Question

In: Economics

Draw an AD-AS model depicting an economy with a recessionary gap in the short-run due to...

  1. Draw an AD-AS model depicting an economy with a recessionary gap in the short-run due to dramatic decline in net exports.
  2. Assume the full potential real GDP in the economy is 20 and that actual real GDP is 10. If the multiplier is equal to 2 what amount of government spending would eliminate the recessionary gap? Depict the effect of an increase in government spending on your AD-AS graph.
  3. If the multiplier is equal to 2, what is the marginal propensity to consume equal to?
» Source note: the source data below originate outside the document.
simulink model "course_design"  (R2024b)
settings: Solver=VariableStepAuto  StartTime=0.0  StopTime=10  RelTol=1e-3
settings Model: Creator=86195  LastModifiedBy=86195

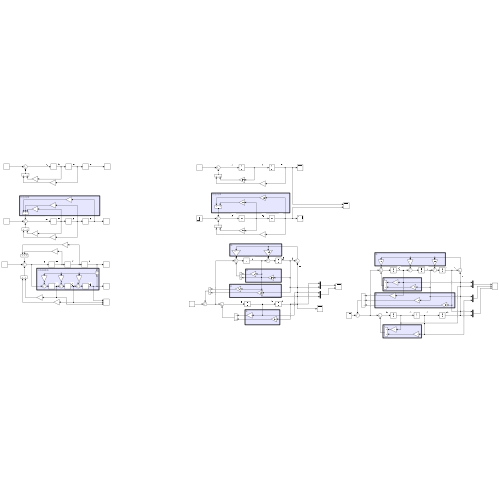
[thumbnail: Simulink's stored preview of the top-level diagram]
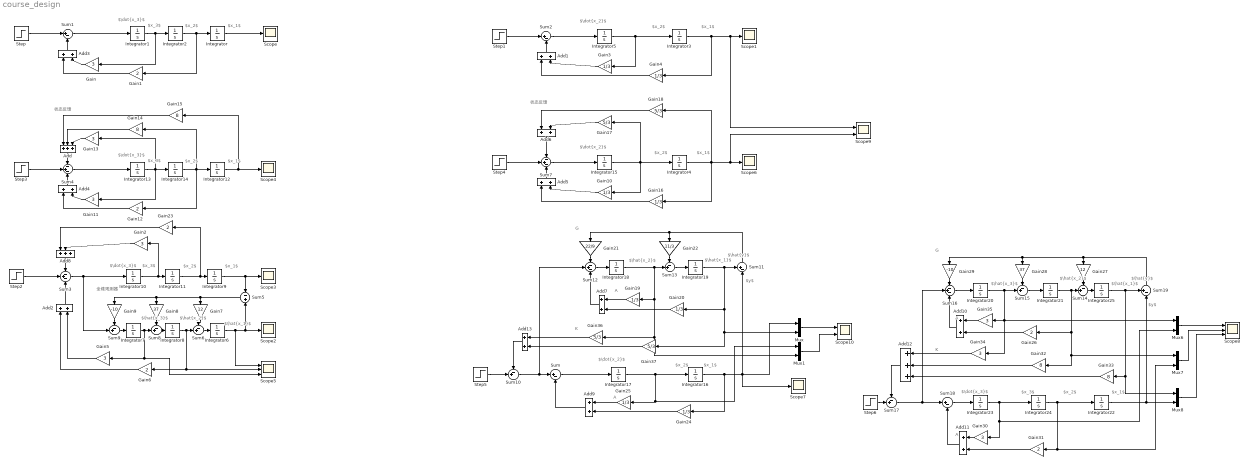
== system course_design ==
  note: $x_2$
  note: $x_3$
  note: $\hat{x_3}$
  note: $x_1$
  note: $\dot{x_3}$
  note: 状态反馈
  note: $\hat{x_1}$
  note: $\hat{x_2}$
  note: $x_1$
  note: 全维观测器
  note: $x_3$
  note: $\dot{x_3}$
  note: $x_1$
  note: $x_3$
  note: $x_2$
  note: $\dot{x_3}$
  note: $x_2$
  note: $x_1$
  note: $\dot{x_2}$
  note: $x_2$
  note: $\dot{x_2}$
  note: $x_1$
  note: $x_2$
  note: 状态反馈
  note: $\dot{x_2}$
  note: $x_1$
  note: $x_2$
  note: $\hat{x_1}$
  note: $\hat{x_2}$
  note: G
  note: A
  note: $y$
  note: G
  note: $\hat{y}$
  note: K
  note: $\hat{x_3}$
  note: $\hat{x_2}$
  note: $\dot{x_3}$
  note: $x_3$
  note: $x_1$
  note: $\hat{x_1}$
  note: A
  note: $x_2$
  note: A
  note: K
  note: A
  note: $\hat{y}$
  note: $y$
  Add : Sum  Inputs=+++
  Add{1..7,9..11,13} (11 alike) : Sum
  Add12 : Sum  Inputs=+++
  Add8 : Sum  Inputs=+++
  Gain{,2,5,11,13,30,34..35} (8 alike) : Gain  Gain=3
  Gain{1,6,12,23,26,31} (6 alike) : Gain  Gain=2
  Gain{3..4,10,16,19..20,24..25} (8 alike) : Gain  Gain=1/3
  Gain{14..15,32..33} (4 alike) : Gain  Gain=8
  Gain{17..18,36..37} (4 alike) : Gain  Gain=5/3
  Gain21 : Gain  Gain=22/9
  Gain22 : Gain  Gain=11/3
  Gain27 : Gain  Gain=12
  Gain28 : Gain  Gain=37
  Gain29 : Gain  Gain=-10
  Gain7 : Gain  Gain=12
  Gain8 : Gain  Gain=37
  Gain9 : Gain  Gain=-10
  Integrator{,1..21,23..25} (25 alike) : Integrator
  Integrator22 : Integrator  InitialCondition=1
  Mux{,1,6..8} (5 alike) : Mux  Inputs=2
  Scope{,1..4,6..7} (7 alike) : Scope
  Scope10 : Scope  NumInputPorts=2
  Scope5 : Scope  NumInputPorts=3
  Scope8 : Scope  NumInputPorts=3
  Scope9 : Scope  NumInputPorts=2
  Step{,1..6} (7 alike) : Step  SampleTime=0
  Sum{,1..2,18} (4 alike) : Sum  Inputs=|+-
  Sum{6,8..10,13..15,17} (8 alike) : Sum  Inputs=-+|
  Sum11 : Sum  Inputs=+-|
  Sum{3..4,7,12,16} (5 alike) : Sum  Inputs=-+-
  Sum19 : Sum  Inputs=+-|
  Sum5 : Sum  Inputs=-|+
  wires:
  Gain8/1 -> Sum8/1
  Step/1 -> Sum1/1
  Gain15/1 -> Add/1
  Gain13/1 -> Add/3
  Gain7/1 -> Sum6/1
  Integrator12/1 -> Gain15/1, Scope4/1
  Gain14/1 -> Add/2
  Gain/1 -> Add3/2
  Integrator/1 -> Scope/1
  Step3/1 -> Sum4/2
  Sum9/1 -> Integrator7/1
  Integrator7/1 -> Gain5/1, Scope5/3, Sum8/2
  Gain1/1 -> Add3/1
  Add/1 -> Sum4/1
  Sum5/1 -> Gain8/1, Gain9/1, Gain7/1
  Add4/1 -> Sum4/3
  Integrator9/1 -> Scope3/1, Sum5/1
  Sum1/1 -> Integrator1/1
  Sum3/1 -> Integrator10/1, Sum9/2
  Integrator1/1 -> Integrator2/1, Gain/1
  Add3/1 -> Sum1/2
  Sum6/1 -> Integrator6/1
  Integrator11/1 -> Gain23/1, Integrator9/1
  Integrator6/1 -> Scope2/1, Sum5/2, Scope5/1
  Integrator8/1 -> Sum6/2, Gain6/1, Scope5/2
  Sum8/1 -> Integrator8/1
  Sum4/1 -> Integrator13/1
  Gain11/1 -> Add4/2
  Gain9/1 -> Sum9/1
  Gain12/1 -> Add4/1
  Integrator14/1 -> Gain14/1, Gain12/1, Integrator12/1
  Integrator2/1 -> Gain1/1, Integrator/1
  Integrator10/1 -> Gain2/1, Integrator11/1
  Gain6/1 -> Add2/1
  Integrator13/1 -> Gain13/1, Gain11/1, Integrator14/1
  Integrator5/1 -> Integrator3/1, Gain3/1
  Gain4/1 -> Add1/1
  Integrator3/1 -> Gain4/1, Scope9/1, Scope1/1
  Gain3/1 -> Add1/2
  Step1/1 -> Sum2/1
  Add1/1 -> Sum2/2
  Sum2/1 -> Integrator5/1
  Sum7/1 -> Integrator15/1
  Gain16/1 -> Add5/1
  Integrator15/1 -> Gain17/1, Integrator4/1, Gain10/1
  Gain10/1 -> Add5/2
  Integrator4/1 -> Gain18/1, Gain16/1, Scope9/2, Scope6/1
  Step4/1 -> Sum7/2
  Add5/1 -> Sum7/3
  Add6/1 -> Sum7/1
  Gain17/1 -> Add6/2
  Gain18/1 -> Add6/1
  Sum10/1 -> Sum/1, Sum12/2
  Integrator17/1 -> Integrator16/1, Mux1/1, Gain25/1
  Integrator16/1 -> Mux/1, Scope7/1, Sum11/2, Gain24/1
  Gain5/1 -> Add2/2
  Step2/1 -> Sum3/2
  Add2/1 -> Sum3/3
  Add8/1 -> Sum3/1
  Gain2/1 -> Add8/2
  Gain23/1 -> Add8/1
  Step5/1 -> Sum10/2
  Add13/1 -> Sum10/1
  Gain22/1 -> Sum13/1
  Gain21/1 -> Sum12/1
  Sum12/1 -> Integrator18/1
  Sum13/1 -> Integrator19/1
  Sum11/1 -> Gain22/1, Gain21/1
  Add11/1 -> Sum18/2
  Mux6/1 -> Scope8/1
  Mux8/1 -> Scope8/3
  Add10/1 -> Sum16/3
  Gain28/1 -> Sum15/1
  Gain30/1 -> Add11/1
  Gain29/1 -> Sum16/1
  Sum19/1 -> Gain29/1, Gain28/1, Gain27/1
  Sum17/1 -> Sum18/1, Sum16/2
  Sum16/1 -> Integrator20/1
  Integrator20/1 -> Sum15/2, Mux6/1, Gain35/1, Gain34/1
  Integrator21/1 -> Sum14/2, Gain32/1, Mux7/1, Gain26/1
  Sum15/1 -> Integrator21/1
  Sum14/1 -> Integrator25/1
  Add12/1 -> Sum17/1
  Mux7/1 -> Scope8/2
  Gain31/1 -> Add11/2
  Gain34/1 -> Add12/1
  Integrator25/1 -> Sum19/1, Mux8/1, Gain33/1
  Step6/1 -> Sum17/2
  Gain35/1 -> Add10/1
  Integrator23/1 -> Integrator24/1, Gain30/1, Mux6/2
  Gain32/1 -> Add12/2
  Gain33/1 -> Add12/3
  Integrator24/1 -> Integrator22/1, Gain31/1, Mux7/2
  Sum18/1 -> Integrator23/1
  Gain27/1 -> Sum14/1
  Gain26/1 -> Add10/2
  Integrator22/1 -> Mux8/2, Sum19/2
  Gain19/1 -> Add7/1
  Gain20/1 -> Add7/2
  Add9/1 -> Sum/2
  Add7/1 -> Sum12/3
  Integrator19/1 -> Sum11/1, Mux/2, Gain37/1, Gain20/1
  Integrator18/1 -> Sum13/2, Mux1/2, Gain36/1, Gain19/1
  Gain37/1 -> Add13/2
  Gain36/1 -> Add13/1
  Gain25/1 -> Add9/1
  Gain24/1 -> Add9/2
  Sum/1 -> Integrator17/1
  Mux/1 -> Scope10/1
  Mux1/1 -> Scope10/2

Describe the marginal propensity to consume.

Solutions

Expert Solution

(a)

In following graph, long-run equilibrium is at point A where AD0 (aggregate demand) and SRAS0 (short-run aggregate supply) curves intersect, with equilibrium price level P0 and real GDP (= Potential GDP) Y0. However, due to recessionary gap, aggregate demand is lower and current positive of economy is at point B where AD1 intersects SRAS0, with lower price level P1 and lower real GDP Y1, with recessionary gap being (Y0 - Y1).

(b)

Recessionary gap = Potential GDP - Actual GDP = 20 - 10 = 10

To close the gap, aggregate demand has to be increased by increasing government spending.

Increase in government spending = Recessionary gap / Multiplier = 10 / 2 = 5

In above graph, this will increase aggregate demand, shifting AD1 rightward to AD0, restoring initial long run equilibrium.

(c)

Multiplier = 1 / (1 - MPC)

2 = 1 / (1 - MPC)

1 - MPC = 1/2 = 0.5

MPC = 1 - 0.5 = 0.5

MPC of 0.5 means that when disposable income increases by 1 unit, consumption increases by 0.5 units.